# Reparar PenDrive Joy-It 2GB no se puede formatear, Da Error



## 1001Dudas (Sep 13, 2006)

Hola!

Dispongo de un pendrive Joy-It 2GB que hace varios meses funcionaba de maravilla, pero despues de estos meses lo he vuelto a conectar, y me saliad una advertencia de que requeria formato.

Contecto afirmativamente y procedo a dar formato, pero siempre da error y no se puede formatear, por lo cual no puedo acceder al pendriver.

Alguien sabe como reparar el Pendrive, o la causa posible.

Este pen lo he usado en varios equipos diferentes y en S.O diferentes y nunca ha dado problema.

Windows Xp lo reconoce bien, no hay problemas, aunque algunas veces si saca una notificacion de error, que no lo ha podido reconocer.

Es posible que sean daños internos, es posible repararlo.

Gracias a todos!


----------



## Franktwen (Sep 28, 2006)

Tengo problemas con mi pendrive. En un mp3 de un giga. Estaba funcionando correctamente hasta que comenzó a colgarse al intentarse copiar archivos a el. A veces permite copiar, a veces no. Lo que no permite es el borrado de ninguno de sus archivos ni el formateado.

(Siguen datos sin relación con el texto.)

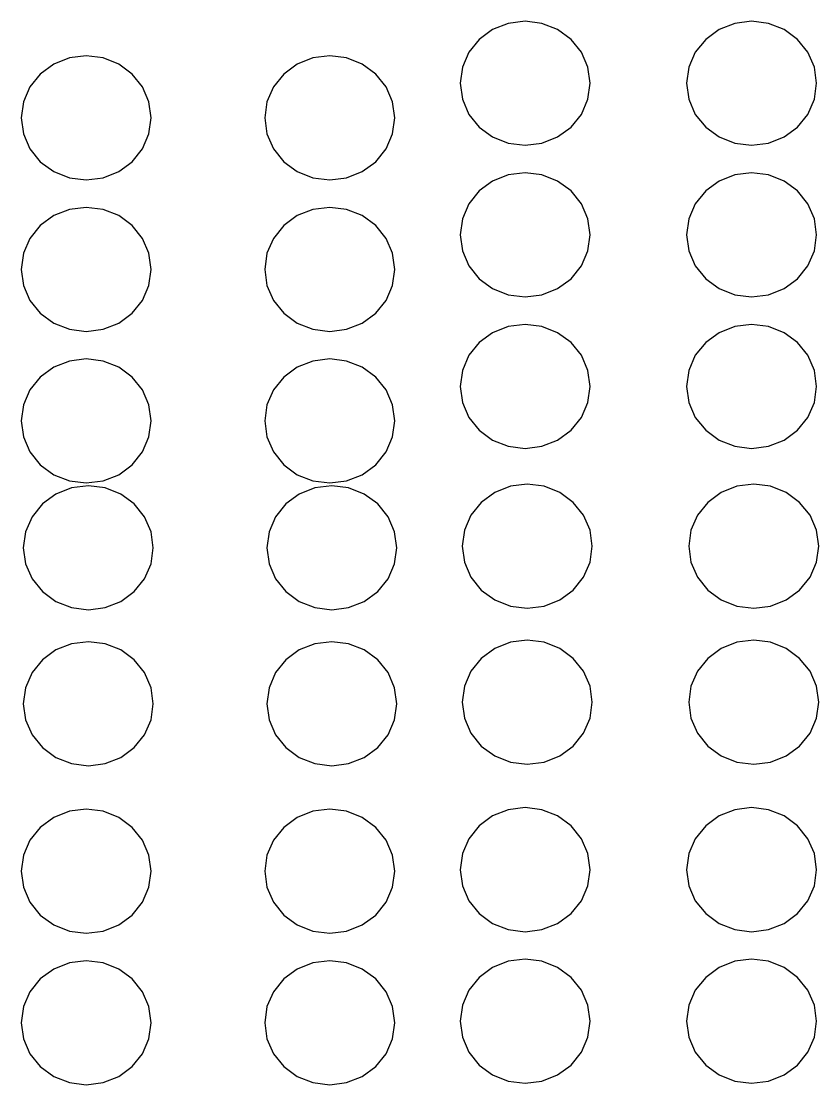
# Model space of a CAD drawing. Header units: inches. Extents: x 710 to 5347, y 114 to 2471.
# Drawn here: x 916 to 1008, y 734.3 to 856.9 of the extents above; entities that cross this region are included whole.
import ezdxf

# ---------------------------------------------------------------- set-up
doc = ezdxf.new("R2010")
doc.units = ezdxf.units.IN
doc.header["$MEASUREMENT"] = 0
doc.layers.add('Edges', color=7, linetype='Continuous')

# ---------------------------------------------------------------- blocks, each defined once
blk = doc.blocks.new('fire alarm fr')
at = {"layer": 'Edges'}
for p, q in [((-2147, 1042.22), (-2148.55, 1041.08)), ((-2145.19, 1042.94), (-2147, 1042.22)), ((-2143.25, 1043.18), (-2145.19, 1042.94)), ((-2141.31, 1042.94), (-2143.25, 1043.18)), ((-2139.51, 1042.22), (-2141.31, 1042.94)), ((-2137.95, 1041.08), (-2139.51, 1042.22)), ((-2120.88, 1042.22), (-2122.43, 1041.08)), ((-2119.08, 1042.94), (-2120.88, 1042.22)), ((-2117.14, 1043.18), (-2119.08, 1042.94)), ((-2115.2, 1042.94), (-2117.14, 1043.18)), ((-2113.39, 1042.22), (-2115.2, 1042.94)), ((-2111.84, 1041.08), (-2113.39, 1042.22)), ((-2148.55, 1041.08), (-2149.74, 1039.6)), ((-2136.76, 1039.6), (-2137.95, 1041.08)), ((-2122.43, 1041.08), (-2123.63, 1039.6)), ((-2110.65, 1039.6), (-2111.84, 1041.08)), ((-2149.74, 1039.6), (-2150.49, 1037.88)), ((-2136.01, 1037.88), (-2136.76, 1039.6)), ((-2123.63, 1039.6), (-2124.37, 1037.88)), ((-2109.9, 1037.88), (-2110.65, 1039.6)), ((-2195.8, 1038.95), (-2197.6, 1038.24)), ((-2193.86, 1039.19), (-2195.8, 1038.95)), ((-2191.92, 1038.95), (-2193.86, 1039.19)), ((-2190.11, 1038.24), (-2191.92, 1038.95)), ((-2167.72, 1038.95), (-2169.53, 1038.24)), ((-2165.78, 1039.19), (-2167.72, 1038.95)), ((-2163.84, 1038.95), (-2165.78, 1039.19)), ((-2162.03, 1038.24), (-2163.84, 1038.95)), ((-2197.6, 1038.24), (-2199.15, 1037.1)), ((-2188.56, 1037.1), (-2190.11, 1038.24)), ((-2169.53, 1038.24), (-2171.08, 1037.1)), ((-2160.48, 1037.1), (-2162.03, 1038.24)), ((-2150.49, 1037.88), (-2150.75, 1036.03)), ((-2135.76, 1036.03), (-2136.01, 1037.88)), ((-2124.37, 1037.88), (-2124.63, 1036.03)), ((-2109.64, 1036.03), (-2109.9, 1037.88)), ((-2199.15, 1037.1), (-2200.35, 1035.62)), ((-2187.37, 1035.62), (-2188.56, 1037.1)), ((-2171.08, 1037.1), (-2172.27, 1035.62)), ((-2159.29, 1035.62), (-2160.48, 1037.1)), ((-2150.75, 1036.03), (-2150.49, 1034.18)), ((-2136.01, 1034.18), (-2135.76, 1036.03)), ((-2124.63, 1036.03), (-2124.37, 1034.18)), ((-2109.9, 1034.18), (-2109.64, 1036.03)), ((-2200.35, 1035.62), (-2201.09, 1033.89)), ((-2186.62, 1033.89), (-2187.37, 1035.62)), ((-2172.27, 1035.62), (-2173.02, 1033.89)), ((-2158.54, 1033.89), (-2159.29, 1035.62)), ((-2201.09, 1033.89), (-2201.35, 1032.04)), ((-2186.36, 1032.04), (-2186.62, 1033.89)), ((-2173.02, 1033.89), (-2173.28, 1032.04)), ((-2158.29, 1032.04), (-2158.54, 1033.89)), ((-2150.49, 1034.18), (-2149.74, 1032.45)), ((-2136.76, 1032.45), (-2136.01, 1034.18)), ((-2124.37, 1034.18), (-2123.63, 1032.45)), ((-2110.65, 1032.45), (-2109.9, 1034.18)), ((-2149.74, 1032.45), (-2148.55, 1030.97)), ((-2137.95, 1030.97), (-2136.76, 1032.45)), ((-2123.63, 1032.45), (-2122.43, 1030.97)), ((-2111.84, 1030.97), (-2110.65, 1032.45)), ((-2201.35, 1032.04), (-2201.09, 1030.19)), ((-2186.62, 1030.19), (-2186.36, 1032.04)), ((-2173.28, 1032.04), (-2173.02, 1030.19)), ((-2158.54, 1030.19), (-2158.29, 1032.04)), ((-2148.55, 1030.97), (-2147, 1029.84)), ((-2139.51, 1029.84), (-2137.95, 1030.97)), ((-2122.43, 1030.97), (-2120.88, 1029.84)), ((-2113.39, 1029.84), (-2111.84, 1030.97)), ((-2201.09, 1030.19), (-2200.35, 1028.47)), ((-2187.37, 1028.47), (-2186.62, 1030.19)), ((-2173.02, 1030.19), (-2172.27, 1028.47)), ((-2159.29, 1028.47), (-2158.54, 1030.19)), ((-2147, 1029.84), (-2145.19, 1029.12)), ((-2141.31, 1029.12), (-2139.51, 1029.84)), ((-2120.88, 1029.84), (-2119.08, 1029.12)), ((-2115.2, 1029.12), (-2113.39, 1029.84)), ((-2145.19, 1029.12), (-2143.25, 1028.88)), ((-2143.25, 1028.88), (-2141.31, 1029.12)), ((-2119.08, 1029.12), (-2117.14, 1028.88)), ((-2117.14, 1028.88), (-2115.2, 1029.12)), ((-2200.35, 1028.47), (-2199.15, 1026.99)), ((-2188.56, 1026.99), (-2187.37, 1028.47)), ((-2172.27, 1028.47), (-2171.08, 1026.99)), ((-2160.48, 1026.99), (-2159.29, 1028.47)), ((-2199.15, 1026.99), (-2197.6, 1025.85)), ((-2190.11, 1025.85), (-2188.56, 1026.99)), ((-2171.08, 1026.99), (-2169.53, 1025.85)), ((-2162.03, 1025.85), (-2160.48, 1026.99)), ((-2197.6, 1025.85), (-2195.8, 1025.14)), ((-2195.8, 1025.14), (-2193.86, 1024.89)), ((-2193.86, 1024.89), (-2191.92, 1025.14)), ((-2191.92, 1025.14), (-2190.11, 1025.85)), ((-2169.53, 1025.85), (-2167.72, 1025.14)), ((-2167.72, 1025.14), (-2165.78, 1024.89)), ((-2165.78, 1024.89), (-2163.84, 1025.14)), ((-2163.84, 1025.14), (-2162.03, 1025.85)), ((-2145.19, 1025.47), (-2147, 1024.75)), ((-2143.25, 1025.71), (-2145.19, 1025.47)), ((-2141.31, 1025.47), (-2143.25, 1025.71)), ((-2139.51, 1024.75), (-2141.31, 1025.47)), ((-2119.08, 1025.47), (-2120.88, 1024.75)), ((-2117.14, 1025.71), (-2119.08, 1025.47)), ((-2115.2, 1025.47), (-2117.14, 1025.71)), ((-2113.39, 1024.75), (-2115.2, 1025.47)), ((-2148.55, 1023.62), (-2149.74, 1022.14)), ((-2147, 1024.75), (-2148.55, 1023.62)), ((-2137.95, 1023.62), (-2139.51, 1024.75)), ((-2136.76, 1022.14), (-2137.95, 1023.62)), ((-2122.43, 1023.62), (-2123.63, 1022.14)), ((-2120.88, 1024.75), (-2122.43, 1023.62)), ((-2111.84, 1023.62), (-2113.39, 1024.75)), ((-2110.65, 1022.14), (-2111.84, 1023.62)), ((-2195.8, 1021.48), (-2197.6, 1020.77)), ((-2193.86, 1021.72), (-2195.8, 1021.48)), ((-2191.92, 1021.48), (-2193.86, 1021.72)), ((-2190.11, 1020.77), (-2191.92, 1021.48)), ((-2167.72, 1021.48), (-2169.53, 1020.77)), ((-2165.78, 1021.72), (-2167.72, 1021.48)), ((-2163.84, 1021.48), (-2165.78, 1021.72)), ((-2162.03, 1020.77), (-2163.84, 1021.48)), ((-2149.74, 1022.14), (-2150.49, 1020.41)), ((-2136.01, 1020.41), (-2136.76, 1022.14)), ((-2123.63, 1022.14), (-2124.37, 1020.41)), ((-2109.9, 1020.41), (-2110.65, 1022.14)), ((-2197.6, 1020.77), (-2199.15, 1019.63)), ((-2188.56, 1019.63), (-2190.11, 1020.77)), ((-2169.53, 1020.77), (-2171.08, 1019.63)), ((-2160.48, 1019.63), (-2162.03, 1020.77)), ((-2150.49, 1020.41), (-2150.75, 1018.56)), ((-2135.76, 1018.56), (-2136.01, 1020.41)), ((-2124.37, 1020.41), (-2124.63, 1018.56)), ((-2109.64, 1018.56), (-2109.9, 1020.41)), ((-2199.15, 1019.63), (-2200.35, 1018.15)), ((-2187.37, 1018.15), (-2188.56, 1019.63)), ((-2171.08, 1019.63), (-2172.27, 1018.15)), ((-2159.29, 1018.15), (-2160.48, 1019.63)), ((-2200.35, 1018.15), (-2201.09, 1016.43)), ((-2186.62, 1016.43), (-2187.37, 1018.15)), ((-2172.27, 1018.15), (-2173.02, 1016.43)), ((-2158.54, 1016.43), (-2159.29, 1018.15)), ((-2150.75, 1018.56), (-2150.49, 1016.71)), ((-2136.01, 1016.71), (-2135.76, 1018.56)), ((-2124.63, 1018.56), (-2124.37, 1016.71)), ((-2109.9, 1016.71), (-2109.64, 1018.56)), ((-2201.09, 1016.43), (-2201.35, 1014.57)), ((-2186.36, 1014.57), (-2186.62, 1016.43)), ((-2173.02, 1016.43), (-2173.28, 1014.57)), ((-2158.29, 1014.57), (-2158.54, 1016.43)), ((-2150.49, 1016.71), (-2149.74, 1014.99)), ((-2136.76, 1014.99), (-2136.01, 1016.71)), ((-2124.37, 1016.71), (-2123.63, 1014.99)), ((-2110.65, 1014.99), (-2109.9, 1016.71)), ((-2201.35, 1014.57), (-2201.09, 1012.72)), ((-2186.62, 1012.72), (-2186.36, 1014.57)), ((-2173.28, 1014.57), (-2173.02, 1012.72)), ((-2158.54, 1012.72), (-2158.29, 1014.57)), ((-2149.74, 1014.99), (-2148.55, 1013.5)), ((-2137.95, 1013.5), (-2136.76, 1014.99)), ((-2123.63, 1014.99), (-2122.43, 1013.5)), ((-2111.84, 1013.5), (-2110.65, 1014.99)), ((-2201.09, 1012.72), (-2200.35, 1011)), ((-2187.37, 1011), (-2186.62, 1012.72)), ((-2173.02, 1012.72), (-2172.27, 1011)), ((-2159.29, 1011), (-2158.54, 1012.72)), ((-2148.55, 1013.5), (-2147, 1012.37)), ((-2139.51, 1012.37), (-2137.95, 1013.5)), ((-2122.43, 1013.5), (-2120.88, 1012.37)), ((-2113.39, 1012.37), (-2111.84, 1013.5)), ((-2147, 1012.37), (-2145.19, 1011.65)), ((-2145.19, 1011.65), (-2143.25, 1011.41)), ((-2143.25, 1011.41), (-2141.31, 1011.65)), ((-2141.31, 1011.65), (-2139.51, 1012.37)), ((-2120.88, 1012.37), (-2119.08, 1011.65)), ((-2119.08, 1011.65), (-2117.14, 1011.41)), ((-2117.14, 1011.41), (-2115.2, 1011.65)), ((-2115.2, 1011.65), (-2113.39, 1012.37)), ((-2200.35, 1011), (-2199.15, 1009.52)), ((-2188.56, 1009.52), (-2187.37, 1011)), ((-2172.27, 1011), (-2171.08, 1009.52)), ((-2160.48, 1009.52), (-2159.29, 1011)), ((-2199.15, 1009.52), (-2197.6, 1008.38)), ((-2190.11, 1008.38), (-2188.56, 1009.52)), ((-2171.08, 1009.52), (-2169.53, 1008.38)), ((-2162.03, 1008.38), (-2160.48, 1009.52)), ((-2197.6, 1008.38), (-2195.8, 1007.67)), ((-2191.92, 1007.67), (-2190.11, 1008.38)), ((-2169.53, 1008.38), (-2167.72, 1007.67)), ((-2163.84, 1007.67), (-2162.03, 1008.38)), ((-2145.19, 1008), (-2147, 1007.28)), ((-2143.25, 1008.24), (-2145.19, 1008)), ((-2141.31, 1008), (-2143.25, 1008.24)), ((-2139.51, 1007.28), (-2141.31, 1008)), ((-2119.08, 1008), (-2120.88, 1007.28)), ((-2117.14, 1008.24), (-2119.08, 1008)), ((-2115.2, 1008), (-2117.14, 1008.24)), ((-2113.39, 1007.28), (-2115.2, 1008)), ((-2195.8, 1007.67), (-2193.86, 1007.43)), ((-2193.86, 1007.43), (-2191.92, 1007.67)), ((-2167.72, 1007.67), (-2165.78, 1007.43)), ((-2165.78, 1007.43), (-2163.84, 1007.67)), ((-2147, 1007.28), (-2148.55, 1006.15)), ((-2137.95, 1006.15), (-2139.51, 1007.28)), ((-2120.88, 1007.28), (-2122.43, 1006.15)), ((-2111.84, 1006.15), (-2113.39, 1007.28)), ((-2148.55, 1006.15), (-2149.74, 1004.67)), ((-2136.76, 1004.67), (-2137.95, 1006.15)), ((-2122.43, 1006.15), (-2123.63, 1004.67)), ((-2110.65, 1004.67), (-2111.84, 1006.15)), ((-2195.8, 1004.01), (-2197.6, 1003.3)), ((-2193.86, 1004.26), (-2195.8, 1004.01)), ((-2191.92, 1004.01), (-2193.86, 1004.26)), ((-2190.11, 1003.3), (-2191.92, 1004.01)), ((-2167.72, 1004.01), (-2169.53, 1003.3)), ((-2165.78, 1004.26), (-2167.72, 1004.01)), ((-2163.84, 1004.01), (-2165.78, 1004.26)), ((-2162.03, 1003.3), (-2163.84, 1004.01)), ((-2149.74, 1004.67), (-2150.49, 1002.94)), ((-2136.01, 1002.94), (-2136.76, 1004.67)), ((-2123.63, 1004.67), (-2124.37, 1002.94)), ((-2109.9, 1002.94), (-2110.65, 1004.67)), ((-2197.6, 1003.3), (-2199.15, 1002.16)), ((-2188.56, 1002.16), (-2190.11, 1003.3)), ((-2169.53, 1003.3), (-2171.08, 1002.16)), ((-2160.48, 1002.16), (-2162.03, 1003.3)), ((-2150.49, 1002.94), (-2150.75, 1001.09)), ((-2135.76, 1001.09), (-2136.01, 1002.94)), ((-2124.37, 1002.94), (-2124.63, 1001.09)), ((-2109.64, 1001.09), (-2109.9, 1002.94)), ((-2199.15, 1002.16), (-2200.35, 1000.68)), ((-2187.37, 1000.68), (-2188.56, 1002.16)), ((-2171.08, 1002.16), (-2172.27, 1000.68)), ((-2159.29, 1000.68), (-2160.48, 1002.16)), ((-2200.35, 1000.68), (-2201.09, 998.96)), ((-2186.62, 998.96), (-2187.37, 1000.68)), ((-2172.27, 1000.68), (-2173.02, 998.96)), ((-2158.54, 998.96), (-2159.29, 1000.68)), ((-2150.75, 1001.09), (-2150.49, 999.24)), ((-2136.01, 999.24), (-2135.76, 1001.09)), ((-2124.63, 1001.09), (-2124.37, 999.24)), ((-2109.9, 999.24), (-2109.64, 1001.09)), ((-2150.49, 999.24), (-2149.74, 997.52)), ((-2136.76, 997.52), (-2136.01, 999.24)), ((-2124.37, 999.24), (-2123.63, 997.52)), ((-2110.65, 997.52), (-2109.9, 999.24)), ((-2201.09, 998.96), (-2201.35, 997.11)), ((-2186.36, 997.11), (-2186.62, 998.96)), ((-2173.02, 998.96), (-2173.28, 997.11)), ((-2158.29, 997.11), (-2158.54, 998.96)), ((-2201.35, 997.11), (-2201.09, 995.26)), ((-2186.62, 995.26), (-2186.36, 997.11)), ((-2173.28, 997.11), (-2173.02, 995.26)), ((-2158.54, 995.26), (-2158.29, 997.11)), ((-2149.74, 997.52), (-2148.55, 996.04)), ((-2137.95, 996.04), (-2136.76, 997.52)), ((-2123.63, 997.52), (-2122.43, 996.04)), ((-2111.84, 996.04), (-2110.65, 997.52)), ((-2148.55, 996.04), (-2147, 994.9)), ((-2139.51, 994.9), (-2137.95, 996.04)), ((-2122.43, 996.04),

De todas maneras, se puede reproducir los mp3 que tiene copiados pero cuando se apaga no se apaga completo hasta que se le extrae la pila.

Me gustaría si alguien tiene información la envíaran a mi correo:

franktwen@hotmail.com

Muchas Gracias


----------



## Willington (Sep 28, 2006)

Generalmente si hay problemas en la lentitud de la conexion se debe a
la longitud del cable, calidad. si el cable es muy largo puede fallar y hasta no reconocer
nada.

Los dispositivos basados en flash son muy delicados, siempre hay que desmontarlos
antes de sacarlos del conector. 
si en windows no puede formatear intentelo en linux: pj. 

# mkfs -t vfat /dev/sda

finalmente si es reproductor de Mp3 a la ves, debes "flashear" el dispositivo, ahi tienes que ir a la pagina del fabricante, bajar el ultimo firmware, el programa para flashear, darse la bendicion y proceder. (simpre aseguarse que la pila esta 100% cuando se flashea, no importa si el USB le da energia)

saldos





saludos


----------



## Franktwen (Oct 2, 2006)

Ya busqué en la páguina del fabricante y no aparece el firmware.  El pendrive es un SVP MP220.  Me gustaría saber si existe un firmware genérico que se pueda utilizar para flashearlo; de ser así por favor envíame la dirección.

Muchas Gracias por tu ayuda, Atte., Franktwen.


----------